Task to complete:
If a line in the data below contains "OutDataTypeStr", copy it.

Dataset entries:
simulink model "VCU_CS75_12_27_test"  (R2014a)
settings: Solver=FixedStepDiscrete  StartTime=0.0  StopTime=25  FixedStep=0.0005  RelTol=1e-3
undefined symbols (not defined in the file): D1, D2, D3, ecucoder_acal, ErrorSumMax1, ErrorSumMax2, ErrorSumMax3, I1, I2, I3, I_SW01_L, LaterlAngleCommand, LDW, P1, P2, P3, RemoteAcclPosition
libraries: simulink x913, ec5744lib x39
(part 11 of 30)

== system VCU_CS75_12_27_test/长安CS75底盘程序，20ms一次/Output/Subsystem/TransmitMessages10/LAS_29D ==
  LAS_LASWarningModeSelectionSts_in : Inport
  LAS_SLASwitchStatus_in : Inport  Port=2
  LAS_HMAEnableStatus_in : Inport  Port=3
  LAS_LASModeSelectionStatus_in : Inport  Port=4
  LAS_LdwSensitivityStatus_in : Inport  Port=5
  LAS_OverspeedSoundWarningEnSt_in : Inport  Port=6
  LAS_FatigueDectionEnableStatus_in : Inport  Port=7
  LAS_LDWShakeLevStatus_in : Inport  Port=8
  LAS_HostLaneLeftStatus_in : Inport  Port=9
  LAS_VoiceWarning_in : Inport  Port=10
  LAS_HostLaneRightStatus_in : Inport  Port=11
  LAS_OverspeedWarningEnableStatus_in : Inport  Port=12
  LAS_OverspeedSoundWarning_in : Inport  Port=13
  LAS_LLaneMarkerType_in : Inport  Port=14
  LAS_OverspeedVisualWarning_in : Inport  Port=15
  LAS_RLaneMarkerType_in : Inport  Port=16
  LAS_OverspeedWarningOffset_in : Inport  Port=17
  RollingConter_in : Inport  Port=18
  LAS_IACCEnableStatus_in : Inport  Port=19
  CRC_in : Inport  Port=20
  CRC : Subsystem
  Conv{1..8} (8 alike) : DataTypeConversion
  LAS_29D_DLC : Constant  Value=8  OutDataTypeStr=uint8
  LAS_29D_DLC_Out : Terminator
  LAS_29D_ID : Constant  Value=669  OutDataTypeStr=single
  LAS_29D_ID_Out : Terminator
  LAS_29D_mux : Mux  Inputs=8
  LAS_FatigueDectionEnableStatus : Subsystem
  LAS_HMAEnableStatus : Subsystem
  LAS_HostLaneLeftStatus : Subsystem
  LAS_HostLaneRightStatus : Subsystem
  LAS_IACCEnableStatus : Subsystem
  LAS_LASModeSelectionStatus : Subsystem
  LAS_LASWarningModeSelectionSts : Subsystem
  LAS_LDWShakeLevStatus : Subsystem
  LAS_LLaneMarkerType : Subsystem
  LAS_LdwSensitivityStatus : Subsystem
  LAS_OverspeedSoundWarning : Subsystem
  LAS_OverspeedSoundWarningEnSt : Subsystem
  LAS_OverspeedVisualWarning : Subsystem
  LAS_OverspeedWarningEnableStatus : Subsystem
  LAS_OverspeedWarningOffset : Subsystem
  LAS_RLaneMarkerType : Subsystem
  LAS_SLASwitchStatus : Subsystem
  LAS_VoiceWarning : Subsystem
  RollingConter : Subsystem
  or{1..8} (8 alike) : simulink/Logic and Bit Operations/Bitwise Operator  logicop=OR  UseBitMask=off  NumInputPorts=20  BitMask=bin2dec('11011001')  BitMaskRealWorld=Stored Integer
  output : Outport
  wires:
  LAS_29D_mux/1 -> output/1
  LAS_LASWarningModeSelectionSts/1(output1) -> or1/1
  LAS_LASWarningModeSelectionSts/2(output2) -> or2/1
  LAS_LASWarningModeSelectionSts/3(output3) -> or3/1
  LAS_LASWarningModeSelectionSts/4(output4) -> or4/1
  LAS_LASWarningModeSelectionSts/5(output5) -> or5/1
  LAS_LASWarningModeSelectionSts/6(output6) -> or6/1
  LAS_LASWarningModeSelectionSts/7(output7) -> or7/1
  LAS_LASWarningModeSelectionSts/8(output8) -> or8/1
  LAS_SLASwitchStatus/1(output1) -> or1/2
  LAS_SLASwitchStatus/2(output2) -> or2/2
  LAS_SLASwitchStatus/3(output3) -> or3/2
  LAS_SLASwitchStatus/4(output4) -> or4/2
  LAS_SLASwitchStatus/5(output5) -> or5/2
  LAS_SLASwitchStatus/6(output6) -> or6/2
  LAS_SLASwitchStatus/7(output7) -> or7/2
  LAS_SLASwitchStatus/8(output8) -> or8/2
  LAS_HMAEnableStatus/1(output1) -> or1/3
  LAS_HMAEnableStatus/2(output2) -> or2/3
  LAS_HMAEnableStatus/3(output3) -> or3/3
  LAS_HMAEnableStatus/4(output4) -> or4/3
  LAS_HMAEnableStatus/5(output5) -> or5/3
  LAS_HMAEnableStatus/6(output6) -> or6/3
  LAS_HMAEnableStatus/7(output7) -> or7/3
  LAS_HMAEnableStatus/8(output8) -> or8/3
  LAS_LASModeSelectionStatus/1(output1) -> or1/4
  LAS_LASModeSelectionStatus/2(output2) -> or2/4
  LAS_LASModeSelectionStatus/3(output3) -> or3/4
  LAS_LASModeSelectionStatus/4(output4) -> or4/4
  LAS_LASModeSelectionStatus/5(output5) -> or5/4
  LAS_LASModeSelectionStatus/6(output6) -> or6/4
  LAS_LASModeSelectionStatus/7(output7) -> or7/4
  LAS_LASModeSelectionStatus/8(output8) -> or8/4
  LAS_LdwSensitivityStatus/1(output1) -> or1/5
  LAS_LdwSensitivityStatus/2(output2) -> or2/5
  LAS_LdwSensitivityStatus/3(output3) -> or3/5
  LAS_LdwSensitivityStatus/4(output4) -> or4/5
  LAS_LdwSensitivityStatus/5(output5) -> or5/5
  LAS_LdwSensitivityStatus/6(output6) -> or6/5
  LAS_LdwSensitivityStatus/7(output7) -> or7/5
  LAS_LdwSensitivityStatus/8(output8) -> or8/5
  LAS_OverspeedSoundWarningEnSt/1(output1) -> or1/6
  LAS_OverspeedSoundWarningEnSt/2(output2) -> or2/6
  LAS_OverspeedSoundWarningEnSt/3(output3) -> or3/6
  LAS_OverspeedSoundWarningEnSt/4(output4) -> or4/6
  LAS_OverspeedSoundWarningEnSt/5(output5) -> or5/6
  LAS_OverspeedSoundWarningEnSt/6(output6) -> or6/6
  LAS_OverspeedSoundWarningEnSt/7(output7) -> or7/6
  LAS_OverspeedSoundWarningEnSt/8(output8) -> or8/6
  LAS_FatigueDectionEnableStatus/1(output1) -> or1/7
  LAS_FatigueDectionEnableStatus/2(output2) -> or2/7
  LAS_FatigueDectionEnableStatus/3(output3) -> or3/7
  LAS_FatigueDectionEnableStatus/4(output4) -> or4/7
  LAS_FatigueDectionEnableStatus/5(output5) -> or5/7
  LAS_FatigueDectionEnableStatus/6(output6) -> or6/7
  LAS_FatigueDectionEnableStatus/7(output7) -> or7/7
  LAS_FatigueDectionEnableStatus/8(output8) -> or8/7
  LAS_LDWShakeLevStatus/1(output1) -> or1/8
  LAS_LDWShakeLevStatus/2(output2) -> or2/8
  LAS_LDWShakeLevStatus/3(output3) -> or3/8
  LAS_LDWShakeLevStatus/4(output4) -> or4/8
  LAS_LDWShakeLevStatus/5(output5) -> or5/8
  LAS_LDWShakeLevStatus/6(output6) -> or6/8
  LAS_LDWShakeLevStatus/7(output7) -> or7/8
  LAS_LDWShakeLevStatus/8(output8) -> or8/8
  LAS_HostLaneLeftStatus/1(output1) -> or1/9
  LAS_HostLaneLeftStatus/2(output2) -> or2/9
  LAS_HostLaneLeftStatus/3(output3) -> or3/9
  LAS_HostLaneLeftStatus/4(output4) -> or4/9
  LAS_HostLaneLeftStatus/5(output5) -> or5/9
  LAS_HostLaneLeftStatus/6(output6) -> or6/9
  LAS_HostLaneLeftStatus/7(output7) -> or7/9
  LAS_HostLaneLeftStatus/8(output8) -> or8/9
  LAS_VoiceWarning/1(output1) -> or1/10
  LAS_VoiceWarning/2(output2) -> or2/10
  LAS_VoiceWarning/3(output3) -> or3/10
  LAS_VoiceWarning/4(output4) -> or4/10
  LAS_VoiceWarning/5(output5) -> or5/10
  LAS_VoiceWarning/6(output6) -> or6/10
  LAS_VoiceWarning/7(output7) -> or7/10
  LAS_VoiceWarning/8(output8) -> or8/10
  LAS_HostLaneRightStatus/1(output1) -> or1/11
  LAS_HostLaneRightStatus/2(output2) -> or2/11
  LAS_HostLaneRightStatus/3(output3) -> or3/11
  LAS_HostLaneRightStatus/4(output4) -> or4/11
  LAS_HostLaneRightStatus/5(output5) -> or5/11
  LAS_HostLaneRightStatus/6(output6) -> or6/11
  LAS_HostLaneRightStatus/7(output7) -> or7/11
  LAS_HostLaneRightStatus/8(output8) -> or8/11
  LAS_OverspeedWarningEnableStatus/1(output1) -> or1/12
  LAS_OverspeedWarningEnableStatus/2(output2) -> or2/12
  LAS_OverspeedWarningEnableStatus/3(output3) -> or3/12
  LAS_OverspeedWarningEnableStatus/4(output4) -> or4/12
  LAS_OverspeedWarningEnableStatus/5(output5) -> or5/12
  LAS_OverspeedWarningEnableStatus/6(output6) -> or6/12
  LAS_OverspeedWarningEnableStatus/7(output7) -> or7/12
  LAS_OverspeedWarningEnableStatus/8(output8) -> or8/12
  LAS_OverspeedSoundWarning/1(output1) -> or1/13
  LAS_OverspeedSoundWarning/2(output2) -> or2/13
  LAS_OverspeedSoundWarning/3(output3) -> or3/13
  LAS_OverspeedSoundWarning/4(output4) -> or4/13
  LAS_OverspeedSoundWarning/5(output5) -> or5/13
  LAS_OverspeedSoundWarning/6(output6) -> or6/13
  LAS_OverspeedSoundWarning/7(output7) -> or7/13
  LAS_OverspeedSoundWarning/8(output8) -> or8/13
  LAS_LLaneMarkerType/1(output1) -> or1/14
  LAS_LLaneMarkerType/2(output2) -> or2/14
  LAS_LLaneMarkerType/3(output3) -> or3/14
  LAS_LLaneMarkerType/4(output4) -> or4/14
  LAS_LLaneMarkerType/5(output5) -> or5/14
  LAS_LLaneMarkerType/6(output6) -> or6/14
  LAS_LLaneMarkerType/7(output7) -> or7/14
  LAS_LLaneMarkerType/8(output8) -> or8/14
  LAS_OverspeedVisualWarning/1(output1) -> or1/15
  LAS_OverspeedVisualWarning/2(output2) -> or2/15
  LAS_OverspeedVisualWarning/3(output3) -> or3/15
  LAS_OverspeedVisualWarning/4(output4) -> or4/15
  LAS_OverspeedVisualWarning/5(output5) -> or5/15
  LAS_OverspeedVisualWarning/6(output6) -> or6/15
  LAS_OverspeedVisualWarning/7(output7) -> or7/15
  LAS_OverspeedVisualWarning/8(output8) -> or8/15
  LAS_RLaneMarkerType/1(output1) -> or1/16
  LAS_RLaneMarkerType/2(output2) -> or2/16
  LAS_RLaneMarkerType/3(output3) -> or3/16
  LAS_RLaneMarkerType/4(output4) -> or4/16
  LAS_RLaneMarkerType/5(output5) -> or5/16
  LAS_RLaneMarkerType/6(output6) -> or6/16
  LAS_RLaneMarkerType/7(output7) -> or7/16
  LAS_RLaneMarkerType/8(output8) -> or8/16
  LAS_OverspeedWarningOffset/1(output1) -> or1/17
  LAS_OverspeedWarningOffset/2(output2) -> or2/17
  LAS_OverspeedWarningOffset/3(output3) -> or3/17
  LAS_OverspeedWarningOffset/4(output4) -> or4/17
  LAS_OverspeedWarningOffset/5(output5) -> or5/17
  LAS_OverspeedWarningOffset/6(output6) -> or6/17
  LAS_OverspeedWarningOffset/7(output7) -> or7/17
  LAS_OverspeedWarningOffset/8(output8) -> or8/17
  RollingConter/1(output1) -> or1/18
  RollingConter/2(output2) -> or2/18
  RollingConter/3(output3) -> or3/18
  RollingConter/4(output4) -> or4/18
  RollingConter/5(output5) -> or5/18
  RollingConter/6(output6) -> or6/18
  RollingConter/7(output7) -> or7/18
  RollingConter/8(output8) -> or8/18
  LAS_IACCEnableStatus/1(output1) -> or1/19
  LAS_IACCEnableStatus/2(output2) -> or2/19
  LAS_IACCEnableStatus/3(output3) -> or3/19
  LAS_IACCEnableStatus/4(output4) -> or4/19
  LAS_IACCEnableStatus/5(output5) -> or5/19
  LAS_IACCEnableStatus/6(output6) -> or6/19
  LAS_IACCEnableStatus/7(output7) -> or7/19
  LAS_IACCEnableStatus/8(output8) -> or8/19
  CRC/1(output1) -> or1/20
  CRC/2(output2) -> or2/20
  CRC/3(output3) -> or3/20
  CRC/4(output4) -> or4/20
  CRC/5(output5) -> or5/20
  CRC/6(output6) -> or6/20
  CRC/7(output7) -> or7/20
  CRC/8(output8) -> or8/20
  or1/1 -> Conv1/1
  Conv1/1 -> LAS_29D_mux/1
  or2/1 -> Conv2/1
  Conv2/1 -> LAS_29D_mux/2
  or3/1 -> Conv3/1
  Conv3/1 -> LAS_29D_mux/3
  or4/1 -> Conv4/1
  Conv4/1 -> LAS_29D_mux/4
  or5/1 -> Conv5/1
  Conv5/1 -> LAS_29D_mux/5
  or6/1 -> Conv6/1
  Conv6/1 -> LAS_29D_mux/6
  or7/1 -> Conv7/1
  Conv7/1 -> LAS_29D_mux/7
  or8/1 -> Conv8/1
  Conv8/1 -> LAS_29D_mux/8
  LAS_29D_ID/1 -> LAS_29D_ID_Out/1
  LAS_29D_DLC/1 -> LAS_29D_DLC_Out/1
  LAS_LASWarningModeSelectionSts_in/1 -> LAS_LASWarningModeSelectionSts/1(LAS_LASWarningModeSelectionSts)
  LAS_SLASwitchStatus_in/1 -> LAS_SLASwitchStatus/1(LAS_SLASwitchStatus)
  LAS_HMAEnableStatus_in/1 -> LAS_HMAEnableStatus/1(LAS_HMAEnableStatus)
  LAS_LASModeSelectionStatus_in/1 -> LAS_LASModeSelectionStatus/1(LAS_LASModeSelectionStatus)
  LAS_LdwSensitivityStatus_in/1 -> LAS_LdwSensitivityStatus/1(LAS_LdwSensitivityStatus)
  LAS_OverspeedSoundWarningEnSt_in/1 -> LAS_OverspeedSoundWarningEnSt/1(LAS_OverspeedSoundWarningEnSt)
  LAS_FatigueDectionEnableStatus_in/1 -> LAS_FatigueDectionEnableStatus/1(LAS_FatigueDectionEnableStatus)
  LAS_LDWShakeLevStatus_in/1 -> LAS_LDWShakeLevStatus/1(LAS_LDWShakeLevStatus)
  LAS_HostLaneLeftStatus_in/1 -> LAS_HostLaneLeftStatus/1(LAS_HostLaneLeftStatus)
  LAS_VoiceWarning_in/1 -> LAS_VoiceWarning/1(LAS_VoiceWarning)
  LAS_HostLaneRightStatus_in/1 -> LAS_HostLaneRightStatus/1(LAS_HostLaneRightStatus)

Task result:
  LAS_29D_DLC : Constant  Value=8  OutDataTypeStr=uint8
  LAS_29D_ID : Constant  Value=669  OutDataTypeStr=single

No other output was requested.